Dans la chambre un autre homme, vêtu d’une blouse blanche n’arrête pas de lui parler. Il aimerait sans doute qu’elle cesse de caresser cette jupe et qu’elle retrouve la parole. Parfois elle lance une phrase, toujours la même, « c’est la photo ! C’est la photo !». « La photo mais quelle photo ? », demande l’homme en blouse blanche sans obtenir de réponse. Elle comprend tout mais les lettres sont en désordre dans sa bouche. Sa tête tremble toujours.

« Quelle photo ? » lance l’homme à la blouse blanche, à un autre homme, très élégant, vêtu d’un costume vert, assis confortablement dans un fauteuil de velours, vert aussi, au fond de la chambre. L’homme élégant hausse les épaules. Il ne sait pas, et manifestement il ne veut plus rien savoir. La femme hébétée sur le lit ne sera bientôt plus sienne. Il s’impatiente et s’évente avec la main.

« Reste » avait dit l’homme qui portait la valise. « Reste ici, reste avec moi, ne pars pas ! ». Son visage était triste, si triste. Pourtant  elle l’avait tant de fois vu avec un visage soleil. Elle l’avait vu en visage soleil quand il la contemplait, quand il dansait en elle, quand il la berçait dans ses bras, quand il la ramenait des gouffres sombres de la vie. Il disait qu’il était heureux d’elle. Il était en soleil d’elle. Elle aurait pu rester pour lui. Pour cet homme. Mais dès qu’elle détournait les yeux, son regard rencontrait la femme jungle, la femme nomade qui la hélait joyeusement.

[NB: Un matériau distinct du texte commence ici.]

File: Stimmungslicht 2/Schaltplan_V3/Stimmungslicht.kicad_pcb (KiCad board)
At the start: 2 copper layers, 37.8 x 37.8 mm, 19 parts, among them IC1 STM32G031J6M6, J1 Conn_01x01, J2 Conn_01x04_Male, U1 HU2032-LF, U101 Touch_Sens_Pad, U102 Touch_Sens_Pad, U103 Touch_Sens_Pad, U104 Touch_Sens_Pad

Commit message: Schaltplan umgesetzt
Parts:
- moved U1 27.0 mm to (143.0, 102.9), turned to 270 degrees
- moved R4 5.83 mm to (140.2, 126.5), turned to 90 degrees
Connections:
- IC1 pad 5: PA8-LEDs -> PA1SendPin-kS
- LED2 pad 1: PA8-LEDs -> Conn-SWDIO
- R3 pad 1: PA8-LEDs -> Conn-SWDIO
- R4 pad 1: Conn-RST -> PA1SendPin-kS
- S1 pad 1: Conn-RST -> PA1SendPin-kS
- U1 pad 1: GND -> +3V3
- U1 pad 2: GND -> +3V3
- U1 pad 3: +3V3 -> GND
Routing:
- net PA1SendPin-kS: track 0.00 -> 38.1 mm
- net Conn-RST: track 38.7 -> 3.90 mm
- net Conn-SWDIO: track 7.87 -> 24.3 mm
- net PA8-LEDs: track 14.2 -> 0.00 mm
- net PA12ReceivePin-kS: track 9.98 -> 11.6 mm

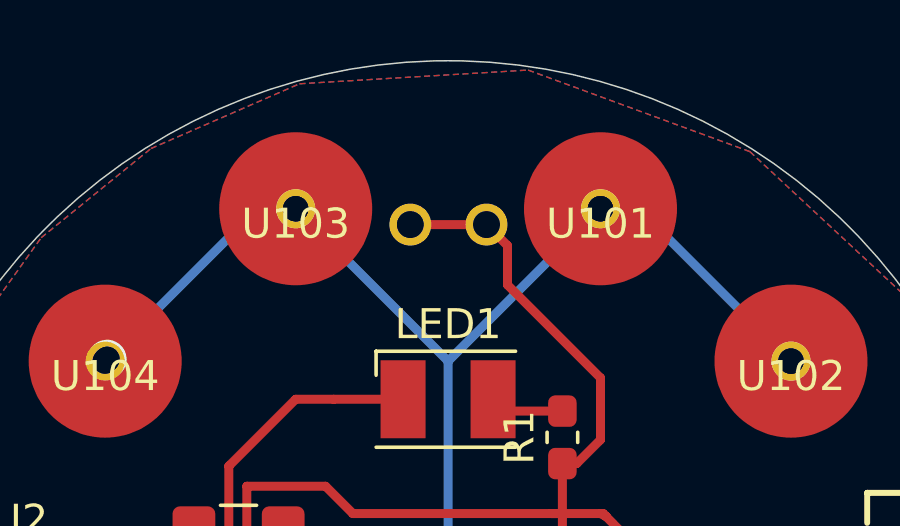
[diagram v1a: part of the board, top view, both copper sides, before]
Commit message: Sensorflaechen angepasst
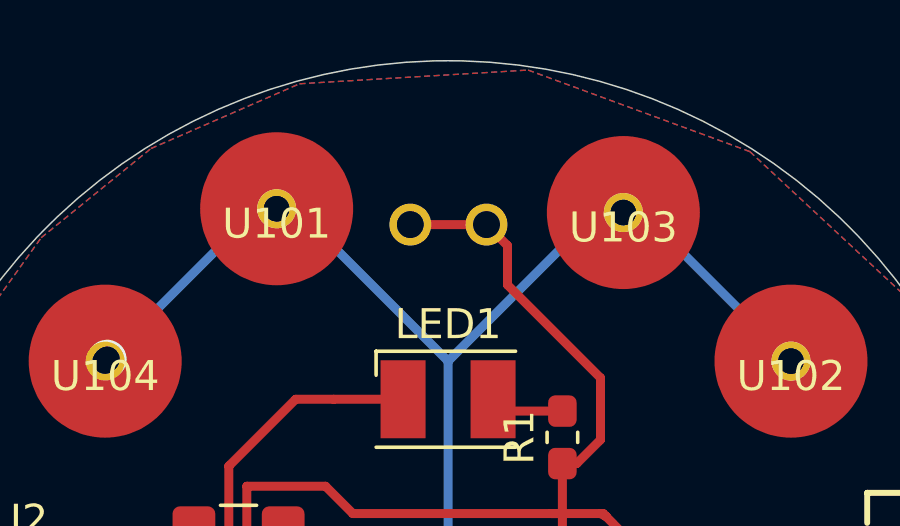
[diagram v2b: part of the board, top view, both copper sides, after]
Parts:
- moved U103 10.9 mm to (150.1, 102.5)
- moved U101 10.8 mm to (138.5, 102.3)

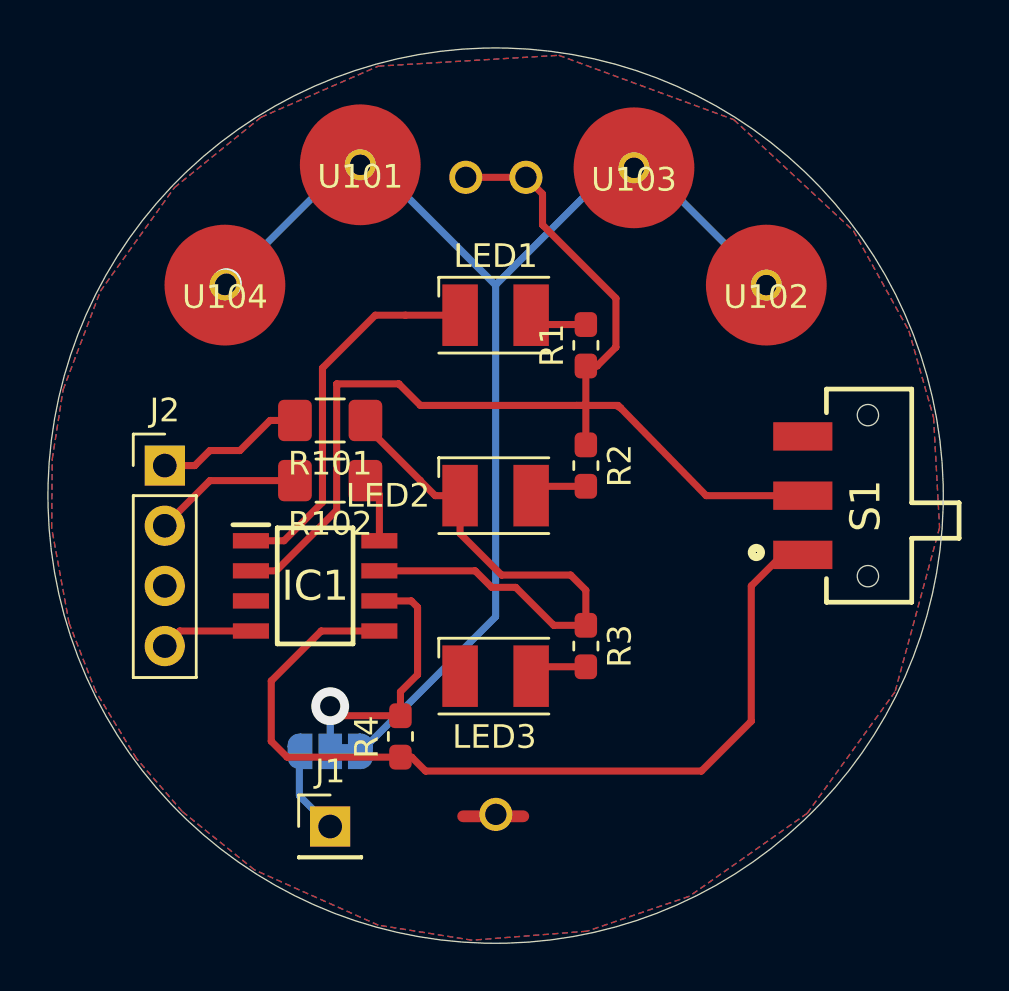
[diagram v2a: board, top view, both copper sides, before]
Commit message: Doppelt Durchführungen entfernt
Einige Warnungen behoben
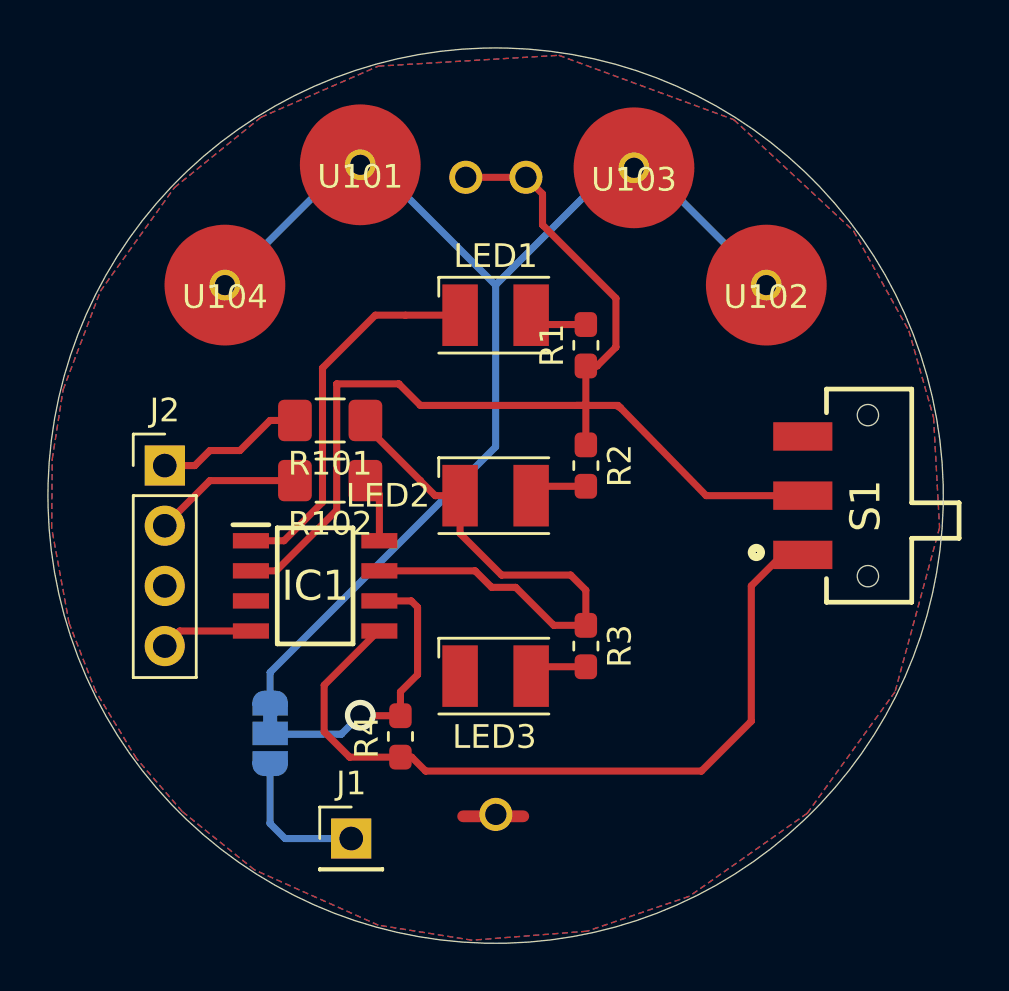
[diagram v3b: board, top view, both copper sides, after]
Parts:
- moved JP101 2.65 mm to (134.7, 126.3), turned to 270 degrees
- moved J1 1.02 mm to (138.1, 130.8)
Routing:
- net PA1SendPin-kS: track 38.1 -> 33.3 mm
- net Net-(J1-Pad1): track 3.71 -> 6.12 mm
- net PA12ReceivePin-kS: track 11.6 -> 12.5 mm
- net Net-(JP101-Pad1): track 53.3 -> 52.8 mm, vias 4 -> 0

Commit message: Aktueller Schaltplan
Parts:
- moved U101 0.11 mm to (138.5, 102.4)

L’homme élégant soupire en regardant sa montre. L’attente dure trop longtemps. Tout est déjà signé. Le divorce, les décharges. Tout est organisé. Le retour en avion privé et la prise en charge dans un établissement spécialisé. La femme hébétée, sa femme qui ne sera plus la sienne dans quelques minutes, aura tout le confort nécessaire. Le reste ne le regarde plus. C’est un homme important, il n’a pas le temps.

Pourtant  qu’elle était belle. Cette femme devenue hébétée. Elle était femme ravie, élancée, femme racée. « Un pan de ciel se promenant sur la terre », disait l’homme en visage de soleil. Et c’était vrai. Femme belle d’une beauté plus belle que la beauté.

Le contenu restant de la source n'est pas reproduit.